[Goal of the exercise]
Copy out each line of the data holding "layers".

══════

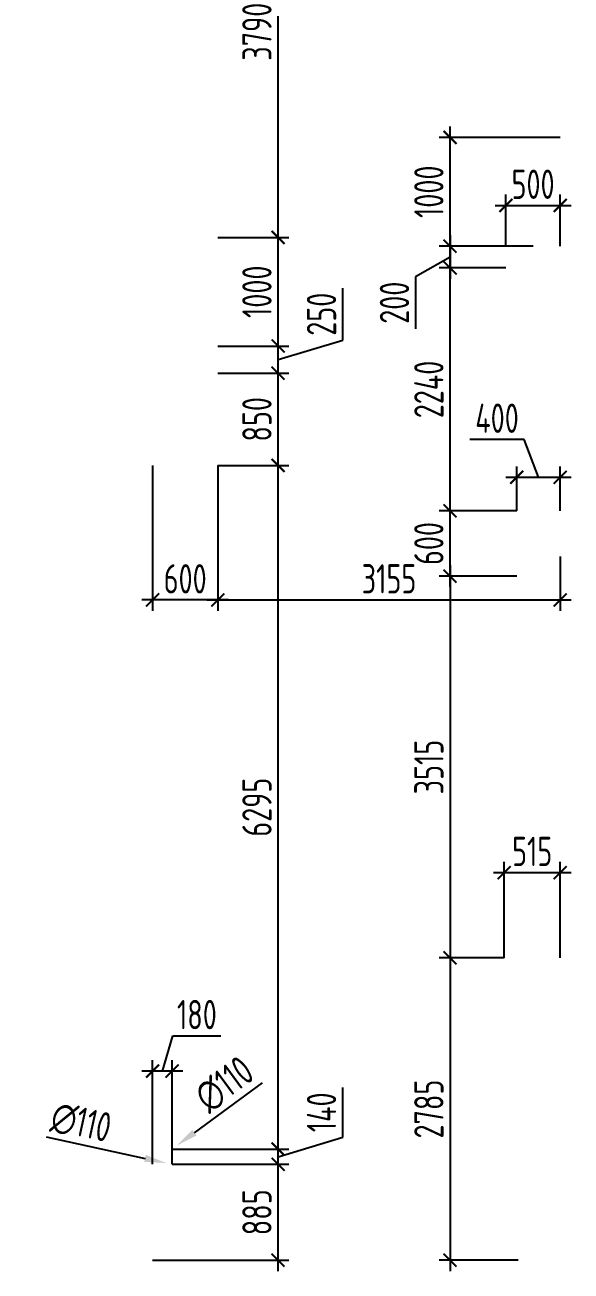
# Model space of a CAD drawing. Header units: millimetres. Extents: x -346952 to 536090, y 55086 to 131231.
# Drawn here: x -60878 to -55846, y 61556 to 73034 of the extents above; entities that cross this region are included whole.
import ezdxf

# ---------------------------------------------------------------- set-up
doc = ezdxf.new("R2010")
doc.units = ezdxf.units.MM
doc.layers.add('РАЗМЕРЫ КРОВЛИ ОВ', color=204, linetype='Continuous')
doc.layers.get('0').off()
doc.styles.add('ISOCPEUR', font='isocpeur.ttf', dxfattribs={"width": 0.7})
doc.dimstyles.new('R_100', dxfattribs={"dimtxt": 270, "dimasz": 120, "dimexe": 100, "dimexo": 0, "dimgap": 60, "dimtad": 1, "dimdec": 0, "dimrnd": 5, "dimzin": 0, "dimdsep": 46, "dimtxsty": 'ISOCPEUR', "dimblk": 'ARCHTICK', "dimcen": 0, "dimdle": 100, "dimclrd": 256, "dimclre": 256, "dimclrt": 256, "dimadec": 0, "dimazin": 0, "dimtfac": 2, "dimtdec": 0, "dimtofl": 0, "dimtmove": 1, "dimatfit": 3, "dimfxl": 1, "dimtvp": 3, "dimtolj": 1, "dimtzin": 0, "dimarcsym": 0})

# ---------------------------------------------------------------- blocks, each defined once
blk = doc.blocks.new('_ArchTick')
at = {"color": 0, "linetype": 'ByBlock', "const_width": 0.15}
blk.add_lwpolyline([(-0.5, -0.5), (0.5, 0.5)], dxfattribs=at)
blk = doc.blocks.new('*D3010')
at = {"layer": 'РАЗМЕРЫ КРОВЛИ ОВ', "lineweight": -2, "transparency": 16777216}
for p, q in [((-56961, 64540), (-56961, 61556)), ((-56462, 64440), (-57061, 64440)), ((-56332, 61656), (-57061, 61656))]:
    blk.add_line(p, q, dxfattribs=at)
at = {"layer": 'РАЗМЕРЫ КРОВЛИ ОВ', "lineweight": -2, "transparency": 16777216, "xscale": 120, "yscale": 120, "zscale": 120}
for p, rotation in [((-56961, 64440), 90), ((-56961, 61656), 270)]:
    blk.add_blockref('_ArchTick', p, dxfattribs=dict(at, rotation=rotation))
at = {"layer": 'РАЗМЕРЫ КРОВЛИ ОВ', "transparency": 16777216, "insert": (-57156, 63048), "char_height": 270, "attachment_point": 5, "rotation": 90, "style": 'ISOCPEUR'}
blk.add_mtext('\\A1;2785', dxfattribs=at)
blk = doc.blocks.new('*D3009')
at = {"layer": 'РАЗМЕРЫ КРОВЛИ ОВ', "lineweight": -2, "transparency": 16777216}
for p, q in [((-56462, 64440), (-56462, 65326)), ((-55946, 64440), (-55946, 65326)), ((-56562, 65226), (-55846, 65226))]:
    blk.add_line(p, q, dxfattribs=at)
at = {"layer": 'РАЗМЕРЫ КРОВЛИ ОВ', "lineweight": -2, "transparency": 16777216, "xscale": 120, "yscale": 120, "zscale": 120, "rotation": 180}
blk.add_blockref('_ArchTick', (-56462, 65226), dxfattribs=at)
at = {"layer": 'РАЗМЕРЫ КРОВЛИ ОВ', "lineweight": -2, "transparency": 16777216, "xscale": 120, "yscale": 120, "zscale": 120}
blk.add_blockref('_ArchTick', (-55946, 65226), dxfattribs=at)
at = {"layer": 'РАЗМЕРЫ КРОВЛИ ОВ', "transparency": 16777216, "insert": (-56204, 65421), "char_height": 270, "attachment_point": 5, "style": 'ISOCPEUR'}
blk.add_mtext('\\A1;515', dxfattribs=at)
blk = doc.blocks.new('*D3096')
at = {"layer": 'РАЗМЕРЫ КРОВЛИ ОВ', "lineweight": -2, "transparency": 16777216}
for p, q in [((-56961, 70896), (-56961, 72098)), ((-55946, 71998), (-57061, 71998)), ((-56196, 70996), (-57061, 70996))]:
    blk.add_line(p, q, dxfattribs=at)
at = {"layer": 'РАЗМЕРЫ КРОВЛИ ОВ', "lineweight": -2, "transparency": 16777216, "xscale": 120, "yscale": 120, "zscale": 120}
for p, rotation in [((-56961, 71998), 90), ((-56961, 70996), 270)]:
    blk.add_blockref('_ArchTick', p, dxfattribs=dict(at, rotation=rotation))
at = {"layer": 'РАЗМЕРЫ КРОВЛИ ОВ', "transparency": 16777216, "insert": (-57156, 71497), "char_height": 270, "attachment_point": 5, "rotation": 90, "style": 'ISOCPEUR'}
blk.add_mtext('\\A1;1000', dxfattribs=at)
blk = doc.blocks.new('*D3097')
at = {"layer": 'РАЗМЕРЫ КРОВЛИ ОВ', "lineweight": -2, "transparency": 16777216}
for p, q in [((-56961, 71096), (-56961, 70695)), ((-56196, 70996), (-57061, 70996)), ((-56961, 70896), (-57278, 70714)), ((-57278, 70714), (-57278, 70235)), ((-56446, 70795), (-57061, 70795))]:
    blk.add_line(p, q, dxfattribs=at)
at = {"layer": 'РАЗМЕРЫ КРОВЛИ ОВ', "lineweight": -2, "transparency": 16777216, "xscale": 120, "yscale": 120, "zscale": 120}
for p, rotation in [((-56961, 70996), 90), ((-56961, 70795), 270)]:
    blk.add_blockref('_ArchTick', p, dxfattribs=dict(at, rotation=rotation))
at = {"layer": 'РАЗМЕРЫ КРОВЛИ ОВ', "transparency": 16777216, "insert": (-57473, 70475), "char_height": 270, "attachment_point": 5, "rotation": 90, "style": 'ISOCPEUR'}
blk.add_mtext('\\A1;200', dxfattribs=at)
blk = doc.blocks.new('*D3095')
at = {"layer": 'РАЗМЕРЫ КРОВЛИ ОВ', "lineweight": -2, "transparency": 16777216}
for p, q in [((-56446, 70996), (-56446, 71471)), ((-55946, 70996), (-55946, 71471)), ((-56546, 71371), (-55846, 71371))]:
    blk.add_line(p, q, dxfattribs=at)
at = {"layer": 'РАЗМЕРЫ КРОВЛИ ОВ', "lineweight": -2, "transparency": 16777216, "xscale": 120, "yscale": 120, "zscale": 120, "rotation": 180}
blk.add_blockref('_ArchTick', (-56446, 71371), dxfattribs=at)
at = {"layer": 'РАЗМЕРЫ КРОВЛИ ОВ', "lineweight": -2, "transparency": 16777216, "xscale": 120, "yscale": 120, "zscale": 120}
blk.add_blockref('_ArchTick', (-55946, 71371), dxfattribs=at)
at = {"layer": 'РАЗМЕРЫ КРОВЛИ ОВ', "transparency": 16777216, "insert": (-56196, 71566), "char_height": 270, "attachment_point": 5, "style": 'ISOCPEUR'}
blk.add_mtext('\\A1;500', dxfattribs=at)
blk = doc.blocks.new('*D3268')
at = {"layer": 'РАЗМЕРЫ КРОВЛИ ОВ', "lineweight": -2, "transparency": 16777216}
for p, q in [((-56961, 68457), (-56961, 70895)), ((-56446, 70795), (-57061, 70795)), ((-56347, 68557), (-57061, 68557))]:
    blk.add_line(p, q, dxfattribs=at)
at = {"layer": 'РАЗМЕРЫ КРОВЛИ ОВ', "lineweight": -2, "transparency": 16777216, "xscale": 120, "yscale": 120, "zscale": 120}
for p, rotation in [((-56961, 70795), 90), ((-56961, 68557), 270)]:
    blk.add_blockref('_ArchTick', p, dxfattribs=dict(at, rotation=rotation))
at = {"layer": 'РАЗМЕРЫ КРОВЛИ ОВ', "transparency": 16777216, "insert": (-57156, 69676), "char_height": 270, "attachment_point": 5, "rotation": 90, "style": 'ISOCPEUR'}
blk.add_mtext('\\A1;2240', dxfattribs=at)
blk = doc.blocks.new('*D3258')
at = {"layer": 'РАЗМЕРЫ КРОВЛИ ОВ', "lineweight": -2, "transparency": 16777216}
for p, q in [((-58545, 68876), (-58545, 69926)), ((-59101, 69826), (-58445, 69826)), ((-59101, 68976), (-58445, 68976))]:
    blk.add_line(p, q, dxfattribs=at)
at = {"layer": 'РАЗМЕРЫ КРОВЛИ ОВ', "lineweight": -2, "transparency": 16777216, "xscale": 120, "yscale": 120, "zscale": 120}
for p, rotation in [((-58545, 69826), 90), ((-58545, 68976), 270)]:
    blk.add_blockref('_ArchTick', p, dxfattribs=dict(at, rotation=rotation))
at = {"layer": 'РАЗМЕРЫ КРОВЛИ ОВ', "transparency": 16777216, "insert": (-58740, 69401), "char_height": 270, "attachment_point": 5, "rotation": 90, "style": 'ISOCPEUR'}
blk.add_mtext('\\A1;850', dxfattribs=at)
blk = doc.blocks.new('*D3259')
at = {"layer": 'РАЗМЕРЫ КРОВЛИ ОВ', "lineweight": -2, "transparency": 16777216}
for p, q in [((-57950, 70129), (-57950, 70608)), ((-58545, 69726), (-58545, 70176)), ((-59101, 70076), (-58445, 70076)), ((-58545, 69951), (-57950, 70129)), ((-59101, 69826), (-58445, 69826))]:
    blk.add_line(p, q, dxfattribs=at)
at = {"layer": 'РАЗМЕРЫ КРОВЛИ ОВ', "lineweight": -2, "transparency": 16777216, "xscale": 120, "yscale": 120, "zscale": 120}
for p, rotation in [((-58545, 70076), 90), ((-58545, 69826), 270)]:
    blk.add_blockref('_ArchTick', p, dxfattribs=dict(at, rotation=rotation))
at = {"layer": 'РАЗМЕРЫ КРОВЛИ ОВ', "transparency": 16777216, "insert": (-58145, 70369), "char_height": 270, "attachment_point": 5, "rotation": 90, "style": 'ISOCPEUR'}
blk.add_mtext('\\A1;250', dxfattribs=at)
blk = doc.blocks.new('*D3260')
at = {"layer": 'РАЗМЕРЫ КРОВЛИ ОВ', "lineweight": -2, "transparency": 16777216}
for p, q in [((-58545, 69976), (-58545, 71176)), ((-59101, 71076), (-58445, 71076)), ((-59101, 70076), (-58445, 70076))]:
    blk.add_line(p, q, dxfattribs=at)
at = {"layer": 'РАЗМЕРЫ КРОВЛИ ОВ', "lineweight": -2, "transparency": 16777216, "xscale": 120, "yscale": 120, "zscale": 120}
for p, rotation in [((-58545, 71076), 90), ((-58545, 70076), 270)]:
    blk.add_blockref('_ArchTick', p, dxfattribs=dict(at, rotation=rotation))
at = {"layer": 'РАЗМЕРЫ КРОВЛИ ОВ', "transparency": 16777216, "insert": (-58740, 70576), "char_height": 270, "attachment_point": 5, "rotation": 90, "style": 'ISOCPEUR'}
blk.add_mtext('\\A1;1000', dxfattribs=at)
blk = doc.blocks.new('*D3261')
at = {"layer": 'РАЗМЕРЫ КРОВЛИ ОВ', "lineweight": -2, "transparency": 16777216}
for p, q in [((-59701, 68976), (-59701, 67637)), ((-59101, 68976), (-59101, 67637)), ((-59001, 67737), (-59801, 67737))]:
    blk.add_line(p, q, dxfattribs=at)
at = {"layer": 'РАЗМЕРЫ КРОВЛИ ОВ', "lineweight": -2, "transparency": 16777216, "xscale": 120, "yscale": 120, "zscale": 120, "rotation": 180}
blk.add_blockref('_ArchTick', (-59701, 67737), dxfattribs=at)
at = {"layer": 'РАЗМЕРЫ КРОВЛИ ОВ', "lineweight": -2, "transparency": 16777216, "xscale": 120, "yscale": 120, "zscale": 120}
blk.add_blockref('_ArchTick', (-59101, 67737), dxfattribs=at)
at = {"layer": 'РАЗМЕРЫ КРОВЛИ ОВ', "transparency": 16777216, "insert": (-59401, 67932), "char_height": 270, "attachment_point": 5, "style": 'ISOCPEUR'}
blk.add_mtext('\\A1;600', dxfattribs=at)
blk = doc.blocks.new('*D3262')
at = {"layer": 'РАЗМЕРЫ КРОВЛИ ОВ', "lineweight": -2, "transparency": 16777216}
for p, q in [((-59101, 68976), (-59101, 67637)), ((-55946, 68136), (-55946, 67637)), ((-59201, 67737), (-55846, 67737))]:
    blk.add_line(p, q, dxfattribs=at)
at = {"layer": 'РАЗМЕРЫ КРОВЛИ ОВ', "lineweight": -2, "transparency": 16777216, "xscale": 120, "yscale": 120, "zscale": 120, "rotation": 180}
blk.add_blockref('_ArchTick', (-59101, 67737), dxfattribs=at)
at = {"layer": 'РАЗМЕРЫ КРОВЛИ ОВ', "lineweight": -2, "transparency": 16777216, "xscale": 120, "yscale": 120, "zscale": 120}
blk.add_blockref('_ArchTick', (-55946, 67737), dxfattribs=at)
at = {"layer": 'РАЗМЕРЫ КРОВЛИ ОВ', "transparency": 16777216, "insert": (-57523, 67932), "char_height": 270, "attachment_point": 5, "style": 'ISOCPEUR'}
blk.add_mtext('\\A1;3155', dxfattribs=at)
blk = doc.blocks.new('*D3263')
at = {"layer": 'РАЗМЕРЫ КРОВЛИ ОВ', "lineweight": -2, "transparency": 16777216}
for p, q in [((-56961, 70896), (-56961, 72098)), ((-55946, 71998), (-57061, 71998)), ((-56196, 70996), (-57061, 70996))]:
    blk.add_line(p, q, dxfattribs=at)
at = {"layer": 'РАЗМЕРЫ КРОВЛИ ОВ', "lineweight": -2, "transparency": 16777216, "xscale": 120, "yscale": 120, "zscale": 120}
for p, rotation in [((-56961, 71998), 90), ((-56961, 70996), 270)]:
    blk.add_blockref('_ArchTick', p, dxfattribs=dict(at, rotation=rotation))
at = {"layer": 'РАЗМЕРЫ КРОВЛИ ОВ', "transparency": 16777216, "insert": (-57156, 71497), "char_height": 270, "attachment_point": 5, "rotation": 90, "style": 'ISOCPEUR'}
blk.add_mtext('\\A1;1000', dxfattribs=at)
blk = doc.blocks.new('*D3264')
at = {"layer": 'РАЗМЕРЫ КРОВЛИ ОВ', "lineweight": -2, "transparency": 16777216}
for p, q in [((-56961, 71096), (-56961, 70695)), ((-56196, 70996), (-57061, 70996)), ((-56961, 70896), (-57278, 70714)), ((-57278, 70714), (-57278, 70235)), ((-56446, 70795), (-57061, 70795))]:
    blk.add_line(p, q, dxfattribs=at)
at = {"layer": 'РАЗМЕРЫ КРОВЛИ ОВ', "lineweight": -2, "transparency": 16777216, "xscale": 120, "yscale": 120, "zscale": 120}
for p, rotation in [((-56961, 70996), 90), ((-56961, 70795), 270)]:
    blk.add_blockref('_ArchTick', p, dxfattribs=dict(at, rotation=rotation))
at = {"layer": 'РАЗМЕРЫ КРОВЛИ ОВ', "transparency": 16777216, "insert": (-57473, 70475), "char_height": 270, "attachment_point": 5, "rotation": 90, "style": 'ISOCPEUR'}
blk.add_mtext('\\A1;200', dxfattribs=at)
blk = doc.blocks.new('*D3265')
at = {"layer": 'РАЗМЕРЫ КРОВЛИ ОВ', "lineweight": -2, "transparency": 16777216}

══════

[Output of the exercise]
doc.layers.add('РАЗМЕРЫ КРОВЛИ ОВ', color=204, linetype='Continuous')
doc.layers.get('0').off()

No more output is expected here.